Appeal, No. 206, Jan. T., 1964, from judgment of Court of Common Pleas of Northampton County, Dec. T., 1961, No. 77, in case of Louis Klovacs v. The Bethlehem's Globe Publishing Co. Judgment affirmed.
Philip J. Gahagan, for appellant.
Andrew L. Herster, Jr., with him Gross & Herster, and McFadden, Riskin & Williams, for appellee.
Before Bell, C.j., Jones, Cohen, Eagen, O'brien and Roberts, JJ.
OPINION BY MR. CHIEF JUSTICE BELL
Plaintiff-appellant appealed from the Judgment of non-suit. Plaintiff, Louis Klovacs, a police officer of the City of Bethlehem, instituted an action in trespass against defendants, The Bethlehem's Globe Publishing Company,*fn* and John P. McLaughlin, to recover damages for personal injuries arising out of a collision between an automobile owned and driven by McLaughlin and a cruiser car owned by the City of Bethlehem. The jury brought in a verdict of $31,000 against defendant McLaughlin, who was guilty of gross negligence, but a compulsory non-suit was entered in favor of Publishing Co. by the trial Judge which the Court en banc refused to take off.
In Markle v. Robert Hall Clothes, 411 Pa. 282, 191 A.2d 374, the Court said (page 284): "In Flagiello v. Crilly, 409 Pa. 389, 187 A.2d 289, the Court said (page 390): 'It is hornbook law that a judgment of non-suit can be entered only in clear cases and plaintiff must be given the benefit of all evidence favorable to him, together with all reasonable inferences of fact arising therefrom, and any conflict in the evidence must be resolved in his favor: Castelli v. Pittsburgh Railways Company, 402 Pa. 135, 165 A.2d 632; Stimac v. Barkey,
Pa. 253, 174 A.2d 868; Borzik v. Miller, 399 Pa. 293, 159 A.2d 741.'"
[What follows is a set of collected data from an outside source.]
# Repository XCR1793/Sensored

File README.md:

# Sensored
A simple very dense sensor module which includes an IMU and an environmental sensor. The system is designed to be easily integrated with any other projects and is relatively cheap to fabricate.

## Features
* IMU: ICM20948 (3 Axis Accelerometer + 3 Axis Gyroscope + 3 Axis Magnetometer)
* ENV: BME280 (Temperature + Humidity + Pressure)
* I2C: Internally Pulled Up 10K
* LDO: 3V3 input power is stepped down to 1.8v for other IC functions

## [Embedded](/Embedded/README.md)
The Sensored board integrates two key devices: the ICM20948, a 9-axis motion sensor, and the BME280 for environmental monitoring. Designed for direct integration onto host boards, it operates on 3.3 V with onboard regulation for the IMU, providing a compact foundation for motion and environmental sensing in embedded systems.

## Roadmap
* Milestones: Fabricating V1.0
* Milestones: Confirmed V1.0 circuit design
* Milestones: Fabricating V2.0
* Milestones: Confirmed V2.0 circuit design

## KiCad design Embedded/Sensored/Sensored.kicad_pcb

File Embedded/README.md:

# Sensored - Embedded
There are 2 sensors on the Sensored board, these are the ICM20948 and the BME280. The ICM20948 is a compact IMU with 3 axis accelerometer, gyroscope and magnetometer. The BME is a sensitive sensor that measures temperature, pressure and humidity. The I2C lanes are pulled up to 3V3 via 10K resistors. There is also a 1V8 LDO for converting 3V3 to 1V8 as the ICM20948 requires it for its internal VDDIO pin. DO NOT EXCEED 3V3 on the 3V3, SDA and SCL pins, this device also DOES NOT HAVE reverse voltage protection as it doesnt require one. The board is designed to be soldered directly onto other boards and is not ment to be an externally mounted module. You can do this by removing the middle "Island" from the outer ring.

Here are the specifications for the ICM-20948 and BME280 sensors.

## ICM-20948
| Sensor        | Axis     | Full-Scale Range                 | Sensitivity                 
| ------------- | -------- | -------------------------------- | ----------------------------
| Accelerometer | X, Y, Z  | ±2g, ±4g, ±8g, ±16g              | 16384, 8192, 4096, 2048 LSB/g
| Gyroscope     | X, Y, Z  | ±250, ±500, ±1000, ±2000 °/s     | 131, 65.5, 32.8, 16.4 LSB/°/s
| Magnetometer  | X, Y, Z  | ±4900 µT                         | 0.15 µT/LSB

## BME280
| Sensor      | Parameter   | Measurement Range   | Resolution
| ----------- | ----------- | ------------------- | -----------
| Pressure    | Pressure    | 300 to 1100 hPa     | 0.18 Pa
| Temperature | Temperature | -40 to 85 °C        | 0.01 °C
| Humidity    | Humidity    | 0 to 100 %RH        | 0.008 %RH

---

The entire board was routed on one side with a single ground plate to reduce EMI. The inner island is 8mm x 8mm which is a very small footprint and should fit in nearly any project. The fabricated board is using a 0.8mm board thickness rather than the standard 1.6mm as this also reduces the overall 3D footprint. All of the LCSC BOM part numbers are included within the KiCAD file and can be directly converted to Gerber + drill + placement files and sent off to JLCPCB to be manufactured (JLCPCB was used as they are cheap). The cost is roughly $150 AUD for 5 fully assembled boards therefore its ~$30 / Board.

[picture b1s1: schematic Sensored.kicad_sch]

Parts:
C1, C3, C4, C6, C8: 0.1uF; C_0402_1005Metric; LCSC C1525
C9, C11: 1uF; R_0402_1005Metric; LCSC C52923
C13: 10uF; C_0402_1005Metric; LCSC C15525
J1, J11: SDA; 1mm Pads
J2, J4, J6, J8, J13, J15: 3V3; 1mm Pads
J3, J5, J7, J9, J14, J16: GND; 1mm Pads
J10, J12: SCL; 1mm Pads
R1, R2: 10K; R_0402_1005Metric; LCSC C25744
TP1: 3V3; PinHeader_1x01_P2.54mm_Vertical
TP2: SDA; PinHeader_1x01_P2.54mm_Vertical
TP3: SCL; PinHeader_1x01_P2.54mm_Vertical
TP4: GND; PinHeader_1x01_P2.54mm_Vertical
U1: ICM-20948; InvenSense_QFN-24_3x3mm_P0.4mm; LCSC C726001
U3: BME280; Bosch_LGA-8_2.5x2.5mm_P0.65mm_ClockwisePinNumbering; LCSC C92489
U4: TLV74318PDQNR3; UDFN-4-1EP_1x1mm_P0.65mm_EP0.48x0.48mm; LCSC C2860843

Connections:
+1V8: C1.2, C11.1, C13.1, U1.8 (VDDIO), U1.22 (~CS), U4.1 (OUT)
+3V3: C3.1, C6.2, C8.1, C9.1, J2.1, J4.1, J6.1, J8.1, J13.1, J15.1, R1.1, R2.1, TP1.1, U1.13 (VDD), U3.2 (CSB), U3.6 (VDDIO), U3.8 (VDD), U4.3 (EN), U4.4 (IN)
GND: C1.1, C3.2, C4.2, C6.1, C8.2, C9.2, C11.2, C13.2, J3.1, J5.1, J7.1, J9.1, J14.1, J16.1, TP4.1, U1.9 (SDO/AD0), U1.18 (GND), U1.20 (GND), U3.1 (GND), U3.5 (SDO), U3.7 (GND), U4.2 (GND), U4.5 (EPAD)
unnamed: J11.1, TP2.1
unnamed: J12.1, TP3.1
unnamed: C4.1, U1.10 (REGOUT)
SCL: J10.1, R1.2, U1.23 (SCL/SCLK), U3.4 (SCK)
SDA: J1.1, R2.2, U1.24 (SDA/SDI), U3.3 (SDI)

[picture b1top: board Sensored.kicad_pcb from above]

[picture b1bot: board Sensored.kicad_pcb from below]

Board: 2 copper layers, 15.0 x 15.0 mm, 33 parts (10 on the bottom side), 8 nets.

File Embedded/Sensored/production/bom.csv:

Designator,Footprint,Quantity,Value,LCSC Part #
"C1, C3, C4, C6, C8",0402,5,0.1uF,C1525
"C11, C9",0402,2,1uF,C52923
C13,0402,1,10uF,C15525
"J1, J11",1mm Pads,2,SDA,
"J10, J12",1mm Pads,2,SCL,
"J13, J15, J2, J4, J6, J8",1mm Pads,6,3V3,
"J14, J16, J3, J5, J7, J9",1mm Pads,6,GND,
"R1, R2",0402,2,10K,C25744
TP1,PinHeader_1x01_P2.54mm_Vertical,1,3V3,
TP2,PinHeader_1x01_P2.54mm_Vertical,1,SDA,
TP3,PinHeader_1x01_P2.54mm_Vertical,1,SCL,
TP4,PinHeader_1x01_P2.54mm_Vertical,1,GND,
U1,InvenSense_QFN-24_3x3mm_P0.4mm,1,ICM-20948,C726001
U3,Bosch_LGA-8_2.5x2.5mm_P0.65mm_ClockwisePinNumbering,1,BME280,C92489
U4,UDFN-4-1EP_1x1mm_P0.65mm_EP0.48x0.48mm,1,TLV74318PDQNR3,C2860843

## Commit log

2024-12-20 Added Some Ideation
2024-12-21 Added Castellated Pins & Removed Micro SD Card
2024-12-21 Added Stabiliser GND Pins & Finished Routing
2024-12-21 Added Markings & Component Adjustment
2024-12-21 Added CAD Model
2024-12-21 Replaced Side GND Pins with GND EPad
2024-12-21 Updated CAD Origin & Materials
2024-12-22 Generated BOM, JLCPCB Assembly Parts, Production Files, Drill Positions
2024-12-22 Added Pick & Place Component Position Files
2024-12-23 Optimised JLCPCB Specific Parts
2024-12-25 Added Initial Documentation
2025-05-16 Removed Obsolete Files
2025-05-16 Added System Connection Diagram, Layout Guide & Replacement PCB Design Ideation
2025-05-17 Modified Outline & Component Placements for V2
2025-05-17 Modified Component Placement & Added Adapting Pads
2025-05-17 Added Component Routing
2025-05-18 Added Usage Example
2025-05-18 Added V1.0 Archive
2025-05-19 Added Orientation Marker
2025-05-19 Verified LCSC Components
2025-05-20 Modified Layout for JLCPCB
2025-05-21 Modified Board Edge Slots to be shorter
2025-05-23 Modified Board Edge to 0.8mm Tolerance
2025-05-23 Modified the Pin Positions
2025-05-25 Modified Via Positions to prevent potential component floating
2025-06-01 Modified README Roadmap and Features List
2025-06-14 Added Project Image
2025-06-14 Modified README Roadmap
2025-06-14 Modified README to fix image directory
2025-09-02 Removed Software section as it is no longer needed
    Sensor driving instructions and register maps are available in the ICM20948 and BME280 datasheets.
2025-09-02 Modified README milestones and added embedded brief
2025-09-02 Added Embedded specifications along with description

McLaughlin is a reporter who was employed by defendant company. Plaintiff contends that McLaughlin was the servant or agent of the Publishing Co., but he failed to further prove, as the law requires, "that the driver ... was engaged in the business of his employer ... at the time of the accident and that he was acting within the scope of his authority: Warman v. Craig, 321 Pa. 481, 184 A. 757; Orluske v. Nash Pbg. Motors Co., 286 Pa. 170, 133 A. 148; Reed v. Bennett, 276 Pa. 107, 119 A. 827." Lanteigne v. Smith, 365 Pa. 132, 136, 74 A.2d 116. Indeed, plaintiff's evidence proved the exact opposite.